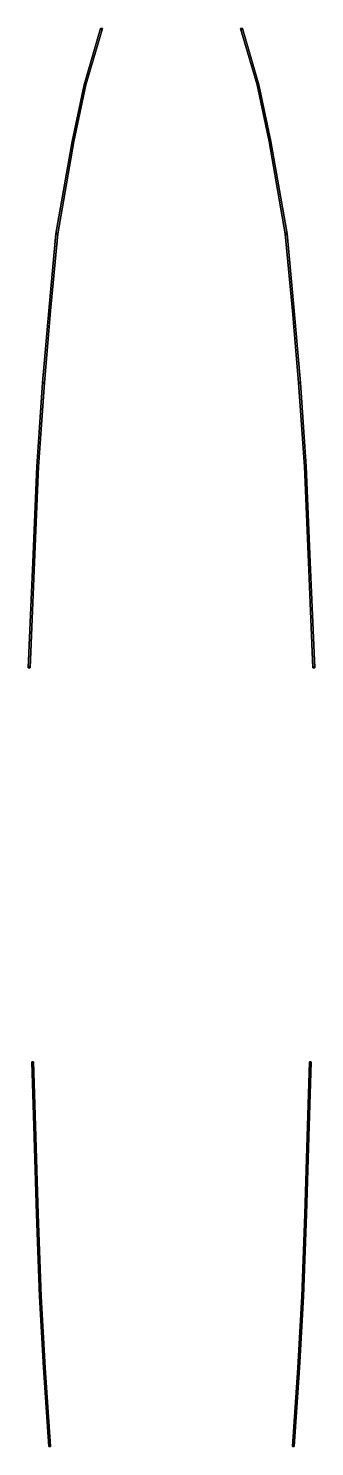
# Model space of a CAD drawing. Extents: x -3.2 to 3.2, y -16.1 to 15.7.
import ezdxf

# ---------------------------------------------------------------- set-up
doc = ezdxf.new("R2010")
doc.units = 0
doc.layers.add('RAILINGS', color=6, linetype='CONTINUOUS')

msp = doc.modelspace()

# ---------------------------------------------------------------- linework, layer by layer
at = {"layer": 'RAILINGS'}
for points in [[(-1.55, 15.68, 3.54), (-1.92, 14.42, 3.54), (-1.96, 14.42, 3.54), (-1.59, 15.68, 3.54)], [(-1.59, 15.68, 3.54), (-1.96, 14.42, 3.54), (-1.92, 14.42, 3.54), (-1.55, 15.68, 3.54)], [(-1.59, 15.66, 3.54), (-1.57, 15.68, 3.54), (-1.57, 15.68, 2.65), (-1.59, 15.66, 2.65)], [(-1.57, 15.64, 3.54), (-1.59, 15.66, 3.54), (-1.59, 15.66, 2.65), (-1.57, 15.64, 2.65)], [(-1.57, 15.68, 3.54), (-1.55, 15.66, 3.54), (-1.55, 15.66, 2.65), (-1.57, 15.68, 2.65)], [(-1.55, 15.66, 3.54), (-1.57, 15.64, 3.54), (-1.57, 15.64, 2.65), (-1.55, 15.66, 2.65)], [(1.57, 15.68, 2.65), (1.55, 15.66, 2.65), (1.55, 15.66, 3.54), (1.57, 15.68, 3.54)], [(1.55, 15.68, 3.54), (1.92, 14.42, 3.54), (1.96, 14.42, 3.54), (1.59, 15.68, 3.54)], [(1.59, 15.68, 3.54), (1.96, 14.42, 3.54), (1.92, 14.42, 3.54), (1.55, 15.68, 3.54)], [(1.55, 15.66, 2.65), (1.57, 15.64, 2.65), (1.57, 15.64, 3.54), (1.55, 15.66, 3.54)], [(1.59, 15.66, 2.65), (1.57, 15.68, 2.65), (1.57, 15.68, 3.54), (1.59, 15.66, 3.54)], [(1.57, 15.64, 2.65), (1.59, 15.66, 2.65), (1.59, 15.66, 3.54), (1.57, 15.64, 3.54)], [(-1.96, 14.42, 3.54), (-2.23, 13.15, 3.45), (-2.19, 13.15, 3.45), (-1.92, 14.42, 3.54)], [(-1.92, 14.42, 3.54), (-2.19, 13.15, 3.45), (-2.23, 13.15, 3.45), (-1.96, 14.42, 3.54)], [(-1.96, 14.42, 3.54), (-1.94, 14.44, 3.54), (-1.94, 14.44, 2.57), (-1.96, 14.42, 2.57)], [(-1.94, 14.4, 3.54), (-1.96, 14.42, 3.54), (-1.96, 14.42, 2.57), (-1.94, 14.4, 2.57)], [(-1.94, 14.44, 3.54), (-1.92, 14.42, 3.54), (-1.92, 14.42, 2.57), (-1.94, 14.44, 2.57)], [(-1.92, 14.42, 3.54), (-1.94, 14.4, 3.54), (-1.94, 14.4, 2.57), (-1.92, 14.42, 2.57)], [(1.94, 14.44, 2.57), (1.92, 14.42, 2.57), (1.92, 14.42, 3.54), (1.94, 14.44, 3.54)], [(1.92, 14.42, 2.57), (1.94, 14.4, 2.57), (1.94, 14.4, 3.54), (1.92, 14.42, 3.54)], [(1.96, 14.42, 3.54), (2.23, 13.15, 3.45), (2.19, 13.15, 3.45), (1.92, 14.42, 3.54)], [(1.92, 14.42, 3.54), (2.19, 13.15, 3.45), (2.23, 13.15, 3.45), (1.96, 14.42, 3.54)], [(1.96, 14.42, 2.57), (1.94, 14.44, 2.57), (1.94, 14.44, 3.54), (1.96, 14.42, 3.54)], [(1.94, 14.4, 2.57), (1.96, 14.42, 2.57), (1.96, 14.42, 3.54), (1.94, 14.4, 3.54)], [(-2.19, 13.15, 3.45), (-2.55, 11.08, 3.43), (-2.59, 11.08, 3.43), (-2.23, 13.15, 3.45)], [(-2.23, 13.15, 3.45), (-2.59, 11.08, 3.43), (-2.55, 11.08, 3.43), (-2.19, 13.15, 3.45)], [(-2.23, 13.15, 3.45), (-2.21, 13.17, 3.45), (-2.21, 13.17, 2.55), (-2.23, 13.15, 2.55)], [(-2.21, 13.13, 3.45), (-2.23, 13.15, 3.45), (-2.23, 13.15, 2.55), (-2.21, 13.13, 2.55)], [(-2.21, 13.17, 3.45), (-2.19, 13.15, 3.45), (-2.19, 13.15, 2.55), (-2.21, 13.17, 2.55)], [(-2.19, 13.15, 3.45), (-2.21, 13.13, 3.45), (-2.21, 13.13, 2.55), (-2.19, 13.15, 2.55)], [(2.21, 13.17, 2.55), (2.19, 13.15, 2.55), (2.19, 13.15, 3.45), (2.21, 13.17, 3.45)], [(2.19, 13.15, 2.55), (2.21, 13.13, 2.55), (2.21, 13.13, 3.45), (2.19, 13.15, 3.45)], [(2.23, 13.15, 3.45), (2.59, 11.08, 3.43), (2.55, 11.08, 3.43), (2.19, 13.15, 3.45)], [(2.19, 13.15, 3.45), (2.55, 11.08, 3.43), (2.59, 11.08, 3.43), (2.23, 13.15, 3.45)], [(2.23, 13.15, 2.55), (2.21, 13.17, 2.55), (2.21, 13.17, 3.45), (2.23, 13.15, 3.45)], [(2.21, 13.13, 2.55), (2.23, 13.15, 2.55), (2.23, 13.15, 3.45), (2.21, 13.13, 3.45)], [(-2.59, 11.08, 3.43), (-2.75, 9.36, 3.39), (-2.71, 9.36, 3.39), (-2.55, 11.08, 3.43)], [(-2.55, 11.08, 3.43), (-2.71, 9.36, 3.39), (-2.75, 9.36, 3.39), (-2.59, 11.08, 3.43)], [(-2.59, 11.08, 3.43), (-2.57, 11.1, 3.43), (-2.57, 11.1, 2.53), (-2.59, 11.08, 2.53)], [(-2.57, 11.06, 3.43), (-2.59, 11.08, 3.43), (-2.59, 11.08, 2.53), (-2.57, 11.06, 2.53)], [(-2.57, 11.1, 3.43), (-2.55, 11.08, 3.43), (-2.55, 11.08, 2.53), (-2.57, 11.1, 2.53)], [(-2.55, 11.08, 3.43), (-2.57, 11.06, 3.43), (-2.57, 11.06, 2.53), (-2.55, 11.08, 2.53)], [(2.57, 11.1, 2.53), (2.55, 11.08, 2.53), (2.55, 11.08, 3.43), (2.57, 11.1, 3.43)], [(2.55, 11.08, 2.53), (2.57, 11.06, 2.53), (2.57, 11.06, 3.43), (2.55, 11.08, 3.43)], [(2.55, 11.08, 3.43), (2.71, 9.36, 3.39), (2.75, 9.36, 3.39), (2.59, 11.08, 3.43)], [(2.59, 11.08, 3.43), (2.75, 9.36, 3.39), (2.71, 9.36, 3.39), (2.55, 11.08, 3.43)], [(2.59, 11.08, 2.53), (2.57, 11.1, 2.53), (2.57, 11.1, 3.43), (2.59, 11.08, 3.43)], [(2.57, 11.06, 2.53), (2.59, 11.08, 2.53), (2.59, 11.08, 3.43), (2.57, 11.06, 3.43)], [(-2.71, 9.36, 3.39), (-2.85, 7.75, 3.37), (-2.89, 7.75, 3.37), (-2.75, 9.36, 3.39)], [(-2.75, 9.36, 3.39), (-2.89, 7.75, 3.37), (-2.85, 7.75, 3.37), (-2.71, 9.36, 3.39)], [(-2.75, 9.36, 3.39), (-2.73, 9.38, 3.39), (-2.73, 9.38, 2.49), (-2.75, 9.36, 2.49)], [(-2.73, 9.34, 3.39), (-2.75, 9.36, 3.39), (-2.75, 9.36, 2.49), (-2.73, 9.34, 2.49)], [(-2.73, 9.38, 3.39), (-2.71, 9.36, 3.39), (-2.71, 9.36, 2.49), (-2.73, 9.38, 2.49)], [(-2.71, 9.36, 3.39), (-2.73, 9.34, 3.39), (-2.73, 9.34, 2.49), (-2.71, 9.36, 2.49)], [(2.73, 9.38, 2.49), (2.71, 9.36, 2.49), (2.71, 9.36, 3.39), (2.73, 9.38, 3.39)], [(2.71, 9.36, 2.49), (2.73, 9.34, 2.49), (2.73, 9.34, 3.39), (2.71, 9.36, 3.39)], [(2.75, 9.36, 3.39), (2.89, 7.75, 3.37), (2.85, 7.75, 3.37), (2.71, 9.36, 3.39)], [(2.71, 9.36, 3.39), (2.85, 7.75, 3.37), (2.89, 7.75, 3.37), (2.75, 9.36, 3.39)], [(2.75, 9.36, 2.49), (2.73, 9.38, 2.49), (2.73, 9.38, 3.39), (2.75, 9.36, 3.39)], [(2.73, 9.34, 2.49), (2.75, 9.36, 2.49), (2.75, 9.36, 3.39), (2.73, 9.34, 3.39)], [(-2.89, 7.75, 3.37), (-3.02, 5.88, 3.34), (-2.98, 5.88, 3.34), (-2.85, 7.75, 3.37)], [(-2.85, 7.75, 3.37), (-2.98, 5.88, 3.34), (-3.02, 5.88, 3.34), (-2.89, 7.75, 3.37)], [(-2.89, 7.75, 3.37), (-2.87, 7.77, 3.37), (-2.87, 7.77, 2.47), (-2.89, 7.75, 2.47)], [(-2.87, 7.73, 3.37), (-2.89, 7.75, 3.37), (-2.89, 7.75, 2.47), (-2.87, 7.73, 2.47)], [(-2.87, 7.77, 3.37), (-2.85, 7.75, 3.37), (-2.85, 7.75, 2.47), (-2.87, 7.77, 2.47)], [(-2.85, 7.75, 3.37), (-2.87, 7.73, 3.37), (-2.87, 7.73, 2.47), (-2.85, 7.75, 2.47)], [(2.87, 7.77, 2.47), (2.85, 7.75, 2.47), (2.85, 7.75, 3.37), (2.87, 7.77, 3.37)], [(2.85, 7.75, 2.47), (2.87, 7.73, 2.47), (2.87, 7.73, 3.37), (2.85, 7.75, 3.37)], [(2.85, 7.75, 3.37), (2.98, 5.88, 3.34), (3.02, 5.88, 3.34), (2.89, 7.75, 3.37)], [(2.89, 7.75, 3.37), (3.02, 5.88, 3.34), (2.98, 5.88, 3.34), (2.85, 7.75, 3.37)], [(2.89, 7.75, 2.47), (2.87, 7.77, 2.47), (2.87, 7.77, 3.37), (2.89, 7.75, 3.37)], [(2.87, 7.73, 2.47), (2.89, 7.75, 2.47), (2.89, 7.75, 3.37), (2.87, 7.73, 3.37)], [(-2.98, 5.88, 3.34), (-3.07, 3.74, 3.3), (-3.11, 3.74, 3.3), (-3.02, 5.88, 3.34)], [(-3.02, 5.88, 3.34), (-3.11, 3.74, 3.3), (-3.07, 3.74, 3.3), (-2.98, 5.88, 3.34)], [(-3.02, 5.88, 3.34), (-3, 5.9, 3.34), (-3, 5.9, 2.44), (-3.02, 5.88, 2.44)], [(-3, 5.86, 3.34), (-3.02, 5.88, 3.34), (-3.02, 5.88, 2.44), (-3, 5.86, 2.44)], [(-3, 5.9, 3.34), (-2.98, 5.88, 3.34), (-2.98, 5.88, 2.44), (-3, 5.9, 2.44)], [(-2.98, 5.88, 3.34), (-3, 5.86, 3.34), (-3, 5.86, 2.44), (-2.98, 5.88, 2.44)], [(3, 5.9, 2.44), (2.98, 5.88, 2.44), (2.98, 5.88, 3.34), (3, 5.9, 3.34)], [(2.98, 5.88, 2.44), (3, 5.86, 2.44), (3, 5.86, 3.34), (2.98, 5.88, 3.34)], [(3.02, 5.88, 3.34), (3.11, 3.74, 3.3), (3.07, 3.74, 3.3), (2.98, 5.88, 3.34)], [(2.98, 5.88, 3.34), (3.07, 3.74, 3.3), (3.11, 3.74, 3.3), (3.02, 5.88, 3.34)], [(3.02, 5.88, 2.44), (3, 5.9, 2.44), (3, 5.9, 3.34), (3.02, 5.88, 3.34)], [(3, 5.86, 2.44), (3.02, 5.88, 2.44), (3.02, 5.88, 3.34), (3, 5.86, 3.34)], [(-3.11, 3.74, 3.3), (-3.21, 1.37, 3.28), (-3.17, 1.37, 3.28), (-3.07, 3.74, 3.3)], [(-3.07, 3.74, 3.3), (-3.17, 1.37, 3.28), (-3.21, 1.37, 3.28), (-3.11, 3.74, 3.3)], [(-3.11, 3.74, 3.3), (-3.09, 3.76, 3.3), (-3.09, 3.76, 2.4), (-3.11, 3.74, 2.4)], [(-3.09, 3.72, 3.3), (-3.11, 3.74, 3.3), (-3.11, 3.74, 2.4), (-3.09, 3.72, 2.4)], [(-3.09, 3.76, 3.3), (-3.07, 3.74, 3.3), (-3.07, 3.74, 2.4), (-3.09, 3.76, 2.4)], [(-3.07, 3.74, 3.3), (-3.09, 3.72, 3.3), (-3.09, 3.72, 2.4), (-3.07, 3.74, 2.4)], [(3.09, 3.76, 2.4), (3.07, 3.74, 2.4), (3.07, 3.74, 3.3), (3.09, 3.76, 3.3)], [(3.07, 3.74, 2.4), (3.09, 3.72, 2.4), (3.09, 3.72, 3.3), (3.07, 3.74, 3.3)], [(3.07, 3.74, 3.3), (3.17, 1.37, 3.28), (3.21, 1.37, 3.28), (3.11, 3.74, 3.3)], [(3.11, 3.74, 3.3), (3.21, 1.37, 3.28), (3.17, 1.37, 3.28), (3.07, 3.74, 3.3)], [(3.11, 3.74, 2.4), (3.09, 3.76, 2.4), (3.09, 3.76, 3.3), (3.11, 3.74, 3.3)], [(3.09, 3.72, 2.4), (3.11, 3.74, 2.4), (3.11, 3.74, 3.3), (3.09, 3.72, 3.3)], [(-3.21, 1.39, 3.28), (-3.19, 1.41, 3.28), (-3.19, 1.41, 2.38), (-3.21, 1.39, 2.38)], [(-3.19, 1.37, 3.28), (-3.21, 1.39, 3.28), (-3.21, 1.39, 2.38), (-3.19, 1.37, 2.38)], [(-3.19, 1.41, 3.28), (-3.17, 1.39, 3.28), (-3.17, 1.39, 2.38), (-3.19, 1.41, 2.38)], [(-3.17, 1.39, 3.28), (-3.19, 1.37, 3.28), (-3.19, 1.37, 2.38), (-3.17, 1.39, 2.38)], [(3.19, 1.41, 2.38), (3.17, 1.39, 2.38), (3.17, 1.39, 3.28), (3.19, 1.41, 3.28)], [(3.17, 1.39, 2.38), (3.19, 1.37, 2.38), (3.19, 1.37, 3.28), (3.17, 1.39, 3.28)], [(3.21, 1.39, 2.38), (3.19, 1.41, 2.38), (3.19, 1.41, 3.28), (3.21, 1.39, 3.28)], [(3.19, 1.37, 2.38), (3.21, 1.39, 2.38), (3.21, 1.39, 3.28), (3.19, 1.37, 3.28)], [(-3.13, -7.46, 3.18), (-3.11, -7.44, 3.18), (-3.11, -7.44, 2.28), (-3.13, -7.46, 2.28)], [(-3.09, -7.44, 3.18), (-3.04, -9.12, 3.15), (-3.08, -9.12, 3.15), (-3.13, -7.44, 3.18)], [(-3.13, -7.44, 3.18), (-3.08, -9.12, 3.15), (-3.04, -9.12, 3.15), (-3.09, -7.44, 3.18)], [(-3.11, -7.48, 3.18), (-3.13, -7.46, 3.18), (-3.13, -7.46, 2.28), (-3.11, -7.48, 2.28)], [(-3.11, -7.44, 3.18), (-3.09, -7.46, 3.18), (-3.09, -7.46, 2.28), (-3.11, -7.44, 2.28)], [(-3.09, -7.46, 3.18), (-3.11, -7.48, 3.18), (-3.11, -7.48, 2.28), (-3.09, -7.46, 2.28)], [(3.13, -7.44, 3.18), (3.08, -9.12, 3.15), (3.04, -9.12, 3.15), (3.09, -7.44, 3.18)], [(3.09, -7.44, 3.18), (3.04, -9.12, 3.15), (3.08, -9.12, 3.15), (3.13, -7.44, 3.18)], [(3.11, -7.44, 2.28), (3.09, -7.46, 2.28), (3.09, -7.46, 3.18), (3.11, -7.44, 3.18)], [(3.09, -7.46, 2.28), (3.11, -7.48, 2.28), (3.11, -7.48, 3.18), (3.09, -7.46, 3.18)], [(3.13, -7.46, 2.28), (3.11, -7.44, 2.28), (3.11, -7.44, 3.18), (3.13, -7.46, 3.18)], [(3.11, -7.48, 2.28), (3.13, -7.46, 2.28), (3.13, -7.46, 3.18), (3.11, -7.48, 3.18)], [(-3.08, -9.12, 3.15), (-3.06, -9.1, 3.15), (-3.06, -9.1, 2.25), (-3.08, -9.12, 2.25)], [(-3.06, -9.14, 3.15), (-3.08, -9.12, 3.15), (-3.08, -9.12, 2.25), (-3.06, -9.14, 2.25)], [(-3.08, -9.12, 3.15), (-3.03, -10.85, 3.14), (-2.99, -10.85, 3.14), (-3.04, -9.12, 3.15)], [(-3.04, -9.12, 3.15), (-2.99, -10.85, 3.14), (-3.03, -10.85, 3.14), (-3.08, -9.12, 3.15)], [(-3.06, -9.1, 3.15), (-3.04, -9.12, 3.15), (-3.04, -9.12, 2.25), (-3.06, -9.1, 2.25)], [(-3.04, -9.12, 3.15), (-3.06, -9.14, 3.15), (-3.06, -9.14, 2.25), (-3.04, -9.12, 2.25)], [(3.04, -9.12, 3.15), (2.99, -10.85, 3.14), (3.03, -10.85, 3.14), (3.08, -9.12, 3.15)], [(3.08, -9.12, 3.15), (3.03, -10.85, 3.14), (2.99, -10.85, 3.14), (3.04, -9.12, 3.15)], [(3.06, -9.1, 2.25), (3.04, -9.12, 2.25), (3.04, -9.12, 3.15), (3.06, -9.1, 3.15)], [(3.04, -9.12, 2.25), (3.06, -9.14, 2.25), (3.06, -9.14, 3.15), (3.04, -9.12, 3.15)], [(3.08, -9.12, 2.25), (3.06, -9.1, 2.25), (3.06, -9.1, 3.15), (3.08, -9.12, 3.15)], [(3.06, -9.14, 2.25), (3.08, -9.12, 2.25), (3.08, -9.12, 3.15), (3.06, -9.14, 3.15)], [(-3.03, -10.85, 3.14), (-3.01, -10.83, 3.14), (-3.01, -10.83, 2.24), (-3.03, -10.85, 2.24)], [(-3.01, -10.87, 3.14), (-3.03, -10.85, 3.14), (-3.03, -10.85, 2.24), (-3.01, -10.87, 2.24)], [(-2.99, -10.85, 3.14), (-2.92, -12.69, 3.14), (-2.96, -12.69, 3.14), (-3.03, -10.85, 3.14)], [(-3.03, -10.85, 3.14), (-2.96, -12.69, 3.14), (-2.92, -12.69, 3.14), (-2.99, -10.85, 3.14)], [(-3.01, -10.83, 3.14), (-2.99, -10.85, 3.14), (-2.99, -10.85, 2.24), (-3.01, -10.83, 2.24)], [(-2.99, -10.85, 3.14), (-3.01, -10.87, 3.14), (-3.01, -10.87, 2.24), (-2.99, -10.85, 2.24)], [(3.03, -10.85, 3.14), (2.96, -12.69, 3.14), (2.92, -12.69, 3.14), (2.99, -10.85, 3.14)], [(2.99, -10.85, 3.14), (2.92, -12.69, 3.14), (2.96, -12.69, 3.14), (3.03, -10.85, 3.14)], [(3.01, -10.83, 2.24), (2.99, -10.85, 2.24), (2.99, -10.85, 3.14), (3.01, -10.83, 3.14)], [(2.99, -10.85, 2.24), (3.01, -10.87, 2.24), (3.01, -10.87, 3.14), (2.99, -10.85, 3.14)], [(3.03, -10.85, 2.24), (3.01, -10.83, 2.24), (3.01, -10.83, 3.14), (3.03, -10.85, 3.14)], [(3.01, -10.87, 2.24), (3.03, -10.85, 2.24), (3.03, -10.85, 3.14), (3.01, -10.87, 3.14)], [(-2.96, -12.69, 3.14), (-2.94, -12.67, 3.14), (-2.94, -12.67, 2.24), (-2.96, -12.69, 2.24)], [(-2.94, -12.71, 3.14), (-2.96, -12.69, 3.14), (-2.96, -12.69, 2.24), (-2.94, -12.71, 2.24)], [(-2.96, -12.69, 3.14), (-2.87, -14.29, 3.14), (-2.83, -14.29, 3.14), (-2.92, -12.69, 3.14)], [(-2.92, -12.69, 3.14), (-2.83, -14.29, 3.14), (-2.87, -14.29, 3.14), (-2.96, -12.69, 3.14)], [(-2.94, -12.67, 3.14), (-2.92, -12.69, 3.14), (-2.92, -12.69, 2.24), (-2.94, -12.67, 2.24)], [(-2.92, -12.69, 3.14), (-2.94, -12.71, 3.14), (-2.94, -12.71, 2.24), (-2.92, -12.69, 2.24)], [(2.92, -12.69, 3.14), (2.83, -14.29, 3.14), (2.87, -14.29, 3.14), (2.96, -12.69, 3.14)], [(2.96, -12.69, 3.14), (2.87, -14.29, 3.14), (2.83, -14.29, 3.14), (2.92, -12.69, 3.14)], [(2.94, -12.67, 2.24), (2.92, -12.69, 2.24), (2.92, -12.69, 3.14), (2.94, -12.67, 3.14)], [(2.92, -12.69, 2.24), (2.94, -12.71, 2.24), (2.94, -12.71, 3.14), (2.92, -12.69, 3.14)], [(2.96, -12.69, 2.24), (2.94, -12.67, 2.24), (2.94, -12.67, 3.14), (2.96, -12.69, 3.14)], [(2.94, -12.71, 2.24), (2.96, -12.69, 2.24), (2.96, -12.69, 3.14), (2.94, -12.71, 3.14)], [(-2.87, -14.29, 3.14), (-2.85, -14.27, 3.14), (-2.85, -14.27, 2.24), (-2.87, -14.29, 2.24)], [(-2.85, -14.27, 3.14), (-2.83, -14.29, 3.14), (-2.83, -14.29, 2.24), (-2.85, -14.27, 2.24)], [(2.85, -14.27, 2.24), (2.83, -14.29, 2.24), (2.83, -14.29, 3.14), (2.85, -14.27, 3.14)], [(2.87, -14.29, 2.24), (2.85, -14.27, 2.24), (2.85, -14.27, 3.14), (2.87, -14.29, 3.14)], [(-2.85, -14.31, 3.14), (-2.87, -14.29, 3.14), (-2.87, -14.29, 2.24), (-2.85, -14.31, 2.24)], [(-2.83, -14.29, 3.14), (-2.71, -16.05, 3.14), (-2.75, -16.05, 3.14), (-2.87, -14.29, 3.14)], [(-2.87, -14.29, 3.14), (-2.75, -16.05, 3.14), (-2.71, -16.05, 3.14), (-2.83, -14.29, 3.14)], [(-2.83, -14.29, 3.14), (-2.85, -14.31, 3.14), (-2.85, -14.31, 2.24), (-2.83, -14.29, 2.24)], [(2.87, -14.29, 3.14), (2.75, -16.05, 3.14), (2.71, -16.05, 3.14), (2.83, -14.29, 3.14)], [(2.83, -14.29, 3.14), (2.71, -16.05, 3.14), (2.75, -16.05, 3.14), (2.87, -14.29, 3.14)], [(2.83, -14.29, 2.24), (2.85, -14.31, 2.24), (2.85, -14.31, 3.14), (2.83, -14.29, 3.14)], [(2.85, -14.31, 2.24), (2.87, -14.29, 2.24), (2.87, -14.29, 3.14), (2.85, -14.31, 3.14)], [(-2.75, -16.03, 3.14), (-2.73, -16.01, 3.14), (-2.73, -16.01, 2.24), (-2.75, -16.03, 2.24)], [(-2.73, -16.05, 3.14), (-2.75, -16.03, 3.14), (-2.75, -16.03, 2.24), (-2.73, -16.05, 2.24)], [(-2.73, -16.01, 3.14), (-2.71, -16.03, 3.14), (-2.71, -16.03, 2.24), (-2.73, -16.01, 2.24)], [(-2.71, -16.03, 3.14), (-2.73, -16.05, 3.14), (-2.73, -16.05, 2.24), (-2.71, -16.03, 2.24)], [(2.73, -16.01, 2.24), (2.71, -16.03, 2.24), (2.71, -16.03, 3.14), (2.73, -16.01, 3.14)], [(2.71, -16.03, 2.24), (2.73, -16.05, 2.24), (2.73, -16.05, 3.14), (2.71, -16.03, 3.14)], [(2.75, -16.03, 2.24), (2.73, -16.01, 2.24), (2.73, -16.01, 3.14), (2.75, -16.03, 3.14)], [(2.73, -16.05, 2.24), (2.75, -16.03, 2.24), (2.75, -16.03, 3.14), (2.73, -16.05, 3.14)]]:
    msp.add_3dface(points, dxfattribs=at)

doc.saveas('drawing.dxf')

::::

- Task description
If a line in the records above holds the string "RAILINGS", copy it out.

- Solution for this task
doc.layers.add('RAILINGS', color=6, linetype='CONTINUOUS')
at = {"layer": 'RAILINGS'}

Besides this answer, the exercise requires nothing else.